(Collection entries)
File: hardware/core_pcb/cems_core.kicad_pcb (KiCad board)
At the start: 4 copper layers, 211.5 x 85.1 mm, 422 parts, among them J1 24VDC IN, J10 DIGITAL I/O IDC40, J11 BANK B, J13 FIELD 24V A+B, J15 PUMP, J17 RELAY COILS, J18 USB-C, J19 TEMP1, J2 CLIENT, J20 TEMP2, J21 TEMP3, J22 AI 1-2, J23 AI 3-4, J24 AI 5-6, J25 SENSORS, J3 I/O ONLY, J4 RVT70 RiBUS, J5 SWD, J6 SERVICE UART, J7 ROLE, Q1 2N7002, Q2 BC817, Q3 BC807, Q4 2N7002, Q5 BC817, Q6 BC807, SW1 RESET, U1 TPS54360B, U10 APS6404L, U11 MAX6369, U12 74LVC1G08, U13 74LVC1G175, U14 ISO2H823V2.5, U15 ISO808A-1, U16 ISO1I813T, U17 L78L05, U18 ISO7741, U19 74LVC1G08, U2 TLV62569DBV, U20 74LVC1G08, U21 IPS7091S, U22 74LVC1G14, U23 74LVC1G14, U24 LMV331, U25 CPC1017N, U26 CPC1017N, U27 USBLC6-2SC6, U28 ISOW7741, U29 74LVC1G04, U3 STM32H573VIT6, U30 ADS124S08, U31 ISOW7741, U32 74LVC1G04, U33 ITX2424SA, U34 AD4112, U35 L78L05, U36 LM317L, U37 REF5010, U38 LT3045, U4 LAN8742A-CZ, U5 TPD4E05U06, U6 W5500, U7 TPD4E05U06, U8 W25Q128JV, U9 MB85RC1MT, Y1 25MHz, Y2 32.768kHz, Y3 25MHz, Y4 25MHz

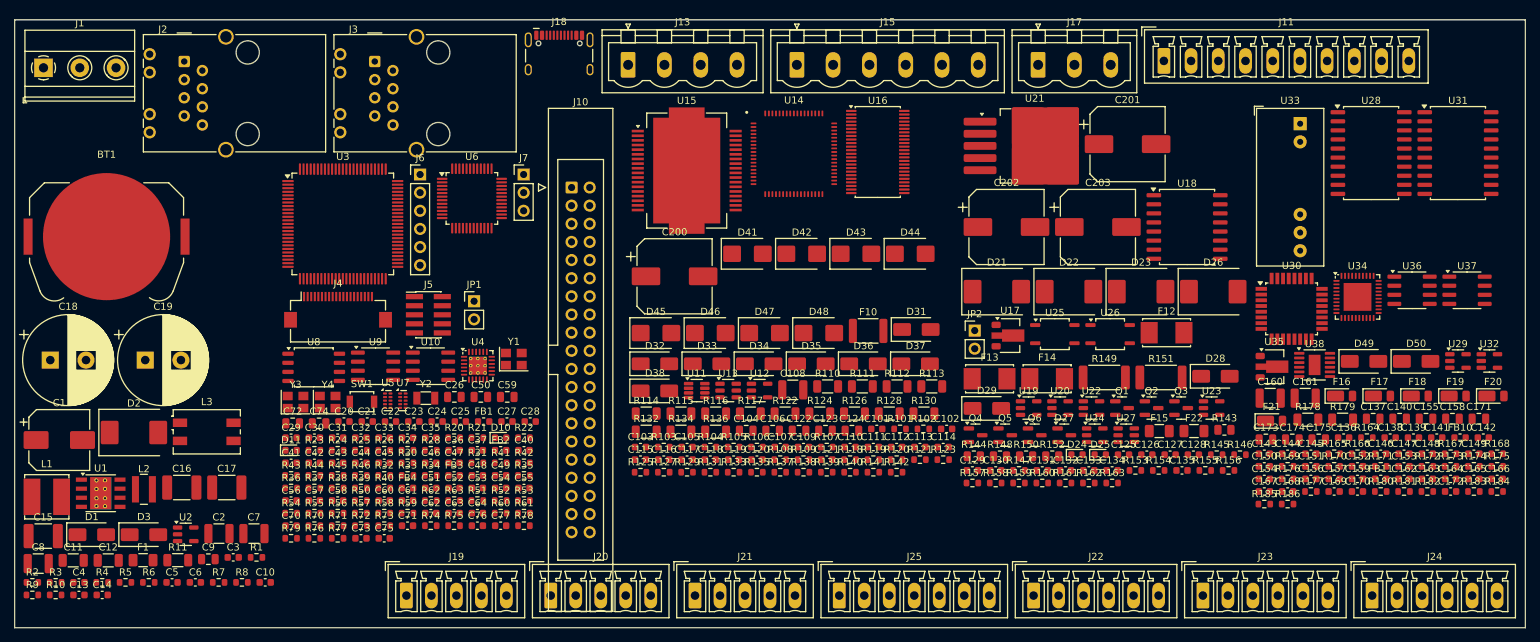
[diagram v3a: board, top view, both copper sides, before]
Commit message: CORE PCB: fit-optional 4 x 4-20 mA analog outputs (AD5755-1, all DNP)
AD5755-1 on the analog island with its own ISOW7741 (CS_AO on PD3) and an ITX2405SA for
the boost converters; keyed 8-way 3.5 mm J26 (keys 2, 6, script-checked). Pin numbers from
the datasheet Table 5. Layout block plan now 2.8 mm over in io_pwr: the board is full
single-sided, see thread for the module option.

Co-Authored-By: Claude Opus 5.5 <noreply@anthropic.com>
Claude-Session: https://claude.ai/code/session_014onnq3eRiDkqdAB6fKiRDW
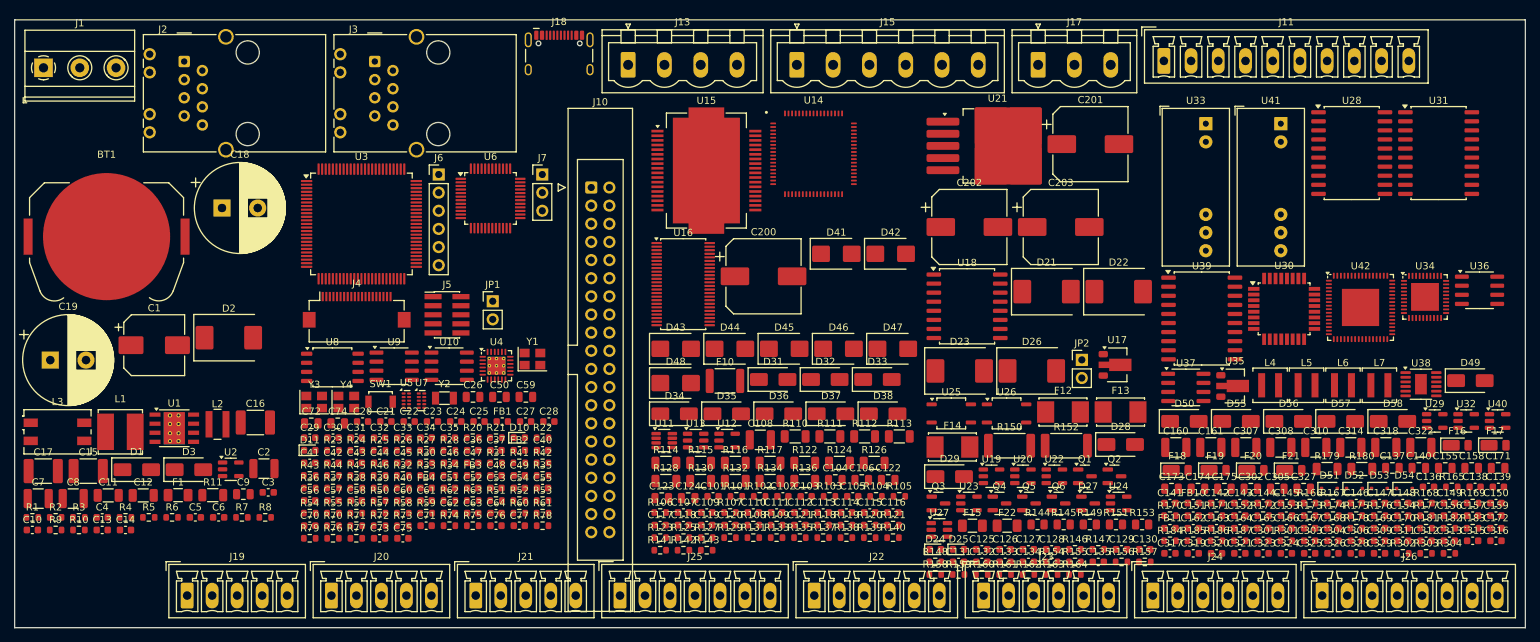
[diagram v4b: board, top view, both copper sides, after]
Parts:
- added C301: 100n, Capacitor_SMD:C_0603_1608Metric, F.Cu at (274.8, 172.9)
- added C302: 10u, Capacitor_SMD:C_0805_2012Metric, F.Cu at (273.1, 165.6)
- added C303: 100n, Capacitor_SMD:C_0603_1608Metric, F.Cu at (281.3, 172.9)
- added C304: 100n, Capacitor_SMD:C_0603_1608Metric, F.Cu at (284.6, 172.9)
- added C305: 10u, Capacitor_SMD:C_0805_2012Metric, F.Cu at (276.8, 165.6)
- added C306: 100n, Capacitor_SMD:C_0603_1608Metric, F.Cu at (287.8, 172.9)
- added C307: 10u 50V, Capacitor_SMD:C_1210_3225Metric, F.Cu at (272.4, 159.9)
- added C308: 22u, Capacitor_SMD:C_1210_3225Metric, F.Cu at (277.3, 159.9)
- added C309: 100n, Capacitor_SMD:C_0603_1608Metric, F.Cu at (291.1, 172.9)
- added C310: 4u7 50V, Capacitor_SMD:C_1210_3225Metric, F.Cu at (282.2, 159.9)
- added C311: 100n 50V, Capacitor_SMD:C_0603_1608Metric, F.Cu at (294.3, 172.9)
- added C312: 10n, Capacitor_SMD:C_0603_1608Metric, F.Cu at (297.6, 172.9)
- added C313: 4n7 50V, Capacitor_SMD:C_0603_1608Metric, F.Cu at (300.9, 172.9)
- added C314: 4u7 50V, Capacitor_SMD:C_1210_3225Metric, F.Cu at (287.1, 159.9)
- added C315: 100n 50V, Capacitor_SMD:C_0603_1608Metric, F.Cu at (304.1, 172.9)
- added C316: 10n, Capacitor_SMD:C_0603_1608Metric, F.Cu at (307.4, 172.9)
- added C317: 4n7 50V, Capacitor_SMD:C_0603_1608Metric, F.Cu at (261.7, 174.7)
- added C318: 4u7 50V, Capacitor_SMD:C_1210_3225Metric, F.Cu at (292.0, 159.9)
- added C319: 100n 50V, Capacitor_SMD:C_0603_1608Metric, F.Cu at (265.0, 174.7)
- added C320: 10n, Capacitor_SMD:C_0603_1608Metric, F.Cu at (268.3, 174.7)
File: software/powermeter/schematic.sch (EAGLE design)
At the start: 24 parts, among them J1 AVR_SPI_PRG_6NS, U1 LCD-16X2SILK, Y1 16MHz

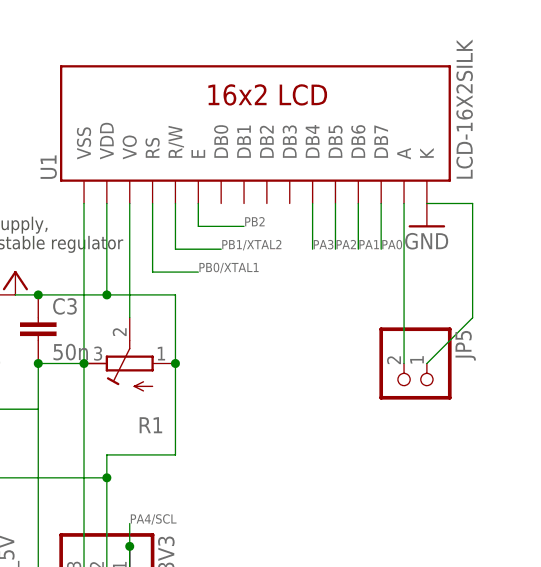
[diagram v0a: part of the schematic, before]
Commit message: the backlight needs resistor afterall, it just is a very small one when compared to led resistors in general
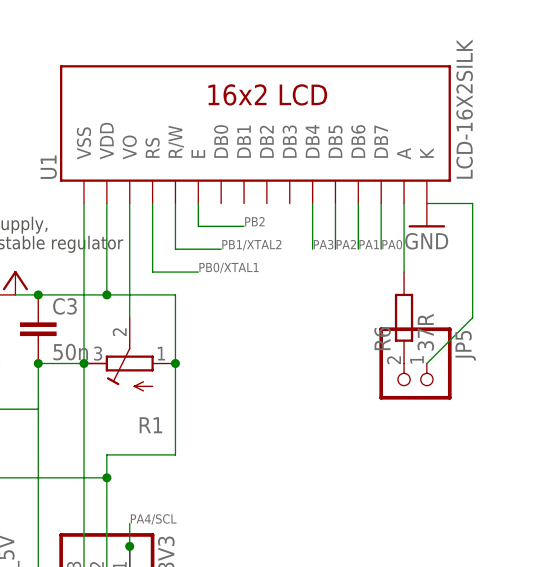
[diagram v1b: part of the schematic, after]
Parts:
- added R6: 37R, resistor:R-EU_0204/7
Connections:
- removed net LCD_BL_A: JP5.2, U1.A
- new net N$1: JP5.2, R6.1
- new net N$3: R6.2, U1.A
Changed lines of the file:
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@@
 <part name="GND8" library="supply1" deviceset="GND" device=""/>
 <part name="JP5" library="pinhead" deviceset="PINHD-1X2" device=""/>
+<part name="R6" library="resistor" deviceset="R-EU_" device="0204/7" value="37R"/>
 </parts>
 <sheets>
@@
 <instance part="GND8" gate="1" x="231.14" y="114.3"/>
 <instance part="JP5" gate="G$1" x="228.6" y="96.52" rot="R270"/>
+<instance part="R6" gate="G$1" x="228.6" y="104.14" rot="R90"/>
 </instances>
 <busses>
@@
 </segment>
 </net>
-<net name="LCD_BL_A" class="0">
-<segment>
+<net name="N$1" class="0">
+<segment>
+<pinref part="JP5" gate="G$1" pin="2"/>
+<pinref part="R6" gate="G$1" pin="1"/>
+</segment>
+</net>
+<net name="N$3" class="0">
+<segment>
+<pinref part="R6" gate="G$1" pin="2"/>
 <pinref part="U1" gate="G$1" pin="A"/>
-<pinref part="JP5" gate="G$1" pin="2"/>
-<wire x1="228.6" y1="116.84" x2="228.6" y2="99.06" width="0.1524" layer="91"/>
-</segment>
-</net>
+<wire x1="228.6" y1="109.22" x2="228.6" y2="116.84" width="0.1524" layer="91"/>
+</segment>
+</net>

◆ Task statement
Above are the lines; repeat exactly the ones from the line containing "- added C316: 10n, Capacitor_SMD:C_0603_1608Metric, F.Cu" down to the line containing "- added C320: 10n, Capacitor_SMD:C_0603_1608Metric, F.Cu", both inclusive.

◆ Your solution
- added C316: 10n, Capacitor_SMD:C_0603_1608Metric, F.Cu at (307.4, 172.9)
- added C317: 4n7 50V, Capacitor_SMD:C_0603_1608Metric, F.Cu at (261.7, 174.7)
- added C318: 4u7 50V, Capacitor_SMD:C_1210_3225Metric, F.Cu at (292.0, 159.9)
- added C319: 100n 50V, Capacitor_SMD:C_0603_1608Metric, F.Cu at (265.0, 174.7)
- added C320: 10n, Capacitor_SMD:C_0603_1608Metric, F.Cu at (268.3, 174.7)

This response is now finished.